Siguiendo esta lógica de comprensión lineal moderna, corremos el riesgo de percibir a las sociedades campesinas como transitando desde una condición intelectual de simplicidad hacia otra de complejidad en su capacidad de comprensión de la realidad, como podría interpretarse la evolución discursiva de la demanda campesina que antes exigía tierra y ahora exige territorio, y que de hecho se impone como explicación dominante desde el discurso de la política pública, sugiriendo por ejemplo, que la reforma agraria consiste solamente en la dotación de tierra para la producción agropecuaria. Por suerte Piñeiro (2004) nos advierte ya en su obra que la lucha campesina se da en un contexto sociopolítico muy adverso, que en la época colonial y principios de la republicana prácticamente no contaba con espacios para manifestarse si no era a través de las revueltas y sublevaciones, que más temprano o más tarde terminaron con la derrota militar, sellando la extrema dificultad de poder posicionar su proyecto político.
No es sino hasta que los procesos de reforma agraria de la segunda mitad del siglo XX, con el auge de la tractorización e introducción de las semillas mejoradas de la revolución verde, que se consolida la conquista de algunos derechos ciudadanos individuales que permite la ilusión de una mayor articulación de los campesinos al Estado y al mercado, vía la ciudadanización del indio convertido en campesino, con lo cual la lucha por la tierra toma un carácter de acceso individual a la parcela agrícola. El desencanto de este modelo sobreviene rápidamente después de los primeros años de implantadas las reformas agrarias, ya que las promesas del desarrollo del campesino vía la revolución verde y la articulación al mercado no tuvieron los efectos esperados, principalmente porque los campesinos no tenían ningún control sobre las políticas públicas de desarrollo, y a partir de esta limitación el Estado y todo su aparataje no podía ser usado para el desarrollo de los campesinos; aunque sí era usado por la clase dominante para beneficiarse como sector agroempresarial con créditos, apoyo técnico y políticas favorables.

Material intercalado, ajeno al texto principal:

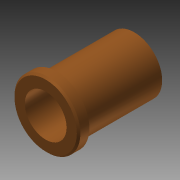
# Autodesk Inventor part: Tetrix Bronze Bushing (modified to fit vex couplers)
Saved by Autodesk Inventor 2014 SP1 (Build 180222100, 222)
## iProperties
Created: 2011-09-21
Part Number: Tetrix Bronze Bushing (modified to fit vex couplers)
Material: Bronze, Soft Tin
Document SubType Name: Modeling
Designer: MC
Density: 8.874 g/cm^3
Mass: 2.74755 g
Surface Area: 6.45814 cm^2
Volume: 0.309618 cm^3
Appearance: Bronze - Satin
Author: MC
Autodesk Inventor part; units mm, degrees
ref_plane "YZ Plane" through (0, 0, 0) normal (1, 0, 0) x (0, 1, 0)
ref_plane "XZ Plane" through (0, 0, 0) normal (0, 1, 0) x (-1, 0, 0)
ref_plane "XY Plane" through (0, 0, 0) normal (0, 0, 1) x (1, 0, 0)
sketch "Sketch1" plane through (0, 0, 0) normal (0, 0, 1) x (1, 0, 0)
  circle A0 centre (0, 0) radius 4.725
  circle A1 centre (0, 0) radius 3
  circle A2 centre (0, 0) radius 4
  dimension "d0" = 9.45
  dimension "d1" = 6
  dimension "d4" = 8
  constraints: 3 centre point, 3 coincident
  measures "d0" diameter of A0
  measures "d1" diameter of A1
  measures "d4" diameter of A2
extrude "Extrusion1" add sketch "Sketch1" along normal blind 1.55 contours A0 | A2
extrude "Extrusion2" add sketch "Sketch1" against normal blind 11.17 contours A2
chamfer "Chamfer1" distance 0.25 angle 45 1 edges at (-4.725, 0, 1.55)
body "Solid1"
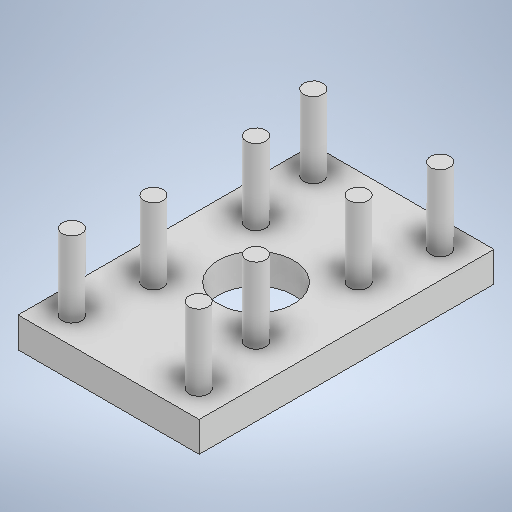
# Autodesk Inventor part: Plate
Saved by Autodesk Inventor 2027 (Build 310192060, 192F)
## iProperties
Created: 2026-07-07
Part Number: Plate
Material: Generic
Document SubType Name: Modeling
Designer: 13129
Density: 1 g/cm^3
Appearance: Default
Author: 13129
Autodesk Inventor part; units mm, degrees
ref_plane "YZ Plane" through (0, 0, 0) normal (1, 0, 0) x (0, 1, 0)
ref_plane "XZ Plane" through (0, 0, 0) normal (0, 1, 0) x (-1, 0, 0)
ref_plane "XY Plane" through (0, 0, 0) normal (0, 0, 1) x (1, 0, 0)
sketch "Sketch1" plane through (0, 0, 0) normal (0, 1, 0) x (-1, 0, 0)
  line L0 (0, 0) -> (0, -48.84)
  line L1 (0, -48.84) -> (30, -48.84)
  line L2 (30, -48.84) -> (30, 0)
  line L3 (30, 0) -> (0, 0)
  circle A0 centre (4.5, -44.42) radius 1.6
  circle A1 centre (25.5, -44.42) radius 1.6
  circle A2 centre (15, -24.42) radius 6.25
  circle A3 centre (6.5, -32.92) radius 1.6
  circle A4 centre (23.5, -32.92) radius 1.6
  circle A5 centre (6.5, -15.92) radius 1.6
  circle A6 centre (23.5, -15.92) radius 1.6
  circle A7 centre (4.5, -4.42) radius 1.6
  circle A8 centre (25.5, -4.42) radius 1.6
  line L4 (23.5, -32.92) -> (23.5, -15.92)
  line L5 (23.5, -24.42) -> (6.5, -24.42)
  line L6 (25.5, -44.42) -> (4.5, -44.42)
  line L7 (4.5, -44.42) -> (4.5, -4.42)
  point P0 (30, -24.42)
  point P1 (15, -48.84)
  point P2 (15, -24.42)
  point P3 (4.5, -24.42)
  point P4 (0, -24.42)
  point P5 (15, -44.42)
  dimension "d0" = 48.84
  dimension "d1" = 30
  dimension "d2" = 12.5
  dimension "d3" = 17
  dimension "d4" = 17
  dimension "d5" = 3.2
  dimension "d6" = 21
  dimension "d7" = 40
  constraints: 16 end point, 9 centre point, 8 vertical alignment, 7 equal radius, 7 horizontal alignment, 7 midpoint, 3 perpendicular, 3 vertical, 1 horizontal, 1 parallel
  measures "d0" distance of L0.start L0.end
  measures "d1" distance of L0.end L1.end
  measures "d2" diameter of A2
  measures "d3" distance of A3.centre L4.start
  measures "d4" distance of A5.centre A3.centre
  measures "d5" diameter of A4
  measures "d6" distance of L6.start L6.end
  measures "d7" distance of L6.end L7.end
extrude "Extrusion1" add sketch "Sketch1" along normal blind 5
sketch "Sketch2" plane through (0, 0, 0) normal (0, -1, 0) x (1, 0, 0)
  circle A0 centre (-23.5, -15.92) radius 1.6 construction
  circle A1 centre (-4.5, -4.42) radius 1.6 construction
  circle A2 centre (-25.5, -44.42) radius 1.6 construction
  circle A3 centre (-25.5, -4.42) radius 1.6 construction
  circle A4 centre (-4.5, -44.42) radius 1.6 construction
  circle A5 centre (-6.5, -32.92) radius 1.6 construction
  circle A6 centre (-23.5, -32.92) radius 1.6 construction
  circle A7 centre (-6.5, -15.92) radius 1.6 construction
  circle A8 centre (-4.5, -44.42) radius 1.6
  circle A9 centre (-6.5, -32.92) radius 1.6
  circle A10 centre (-6.5, -15.92) radius 1.6
  circle A11 centre (-4.5, -4.42) radius 1.6
  circle A12 centre (-25.5, -4.42) radius 1.6
  circle A13 centre (-23.5, -15.92) radius 1.6
  circle A14 centre (-23.5, -32.92) radius 1.6
  circle A15 centre (-25.5, -44.42) radius 1.6
  constraints: 8 centre point, 8 coincident, 8 concentric
extrude "Extrusion2" add sketch "Sketch2" against normal blind 17.5
body "Solid1"

Desde la óptica de los campesinos, era evidente que la inclusión ciudadana vía el dispositivo de los derechos ciudadanos individuales y la vinculación al mercado no era suficiente, ya que de alguna manera seguía funcionando la estructura de exclusión y dominación en el seno del Estado, exigiendo replantear la comprensión de la naturaleza del problema del atraso del campesino, con lo que se reposiciona la lectura de la naturaleza colonial de las relaciones sociales, políticas, económicas y culturales del Estado, en un retorno a la perspectiva de la lucha por el territorio, cuyas manifestaciones más evidentes fueron las movilizaciones de los pueblos indígenas en las décadas del 80 y 90, reclamando al Estado el reconocimiento al derecho a un espacio territorial donde puedan reproducirse como pueblos.
La comprensión campesina de esta lucha, en Bolivia por ejemplo, fue expresada bajo la bandera de tierra-territorio en la década de los 80 y 90, que luego evoluciona hacia la idea del Estado plurinacional comunitario con autonomías campesinas e indígenas en los 2000. Lo que se pone en cuestión con esto, es el conjunto de supuestos sobre los cuales se erigen los Estados-nación en nuestro continente. El concepto tradicional de Estado, en tanto entidad política, define al mismo como una entidad compuesta por una población, un gobierno y un territorio (SCELLE en GOTTMANN, 1973:14; RAFFESTIN, 1993). El supuesto es que la población de un país correspondería a una sola comunidad política, es decir a una nación, armonizada por la estructura de representación política que le provee la condición de ciudadanía, a partir de una lógica de organización jerárquica del territorio nacional que provee los niveles territoriales correspondientes de representación política para conformar un gobierno con participación de los representantes de todas las unidades territoriales subnacionales. A su vez, la condición ciudadana garantiza la participación de todos los ciudadanos de cada unidad territorial subnacional en el gobierno nacional a través de las estructuras de representación política vía partidos políticos.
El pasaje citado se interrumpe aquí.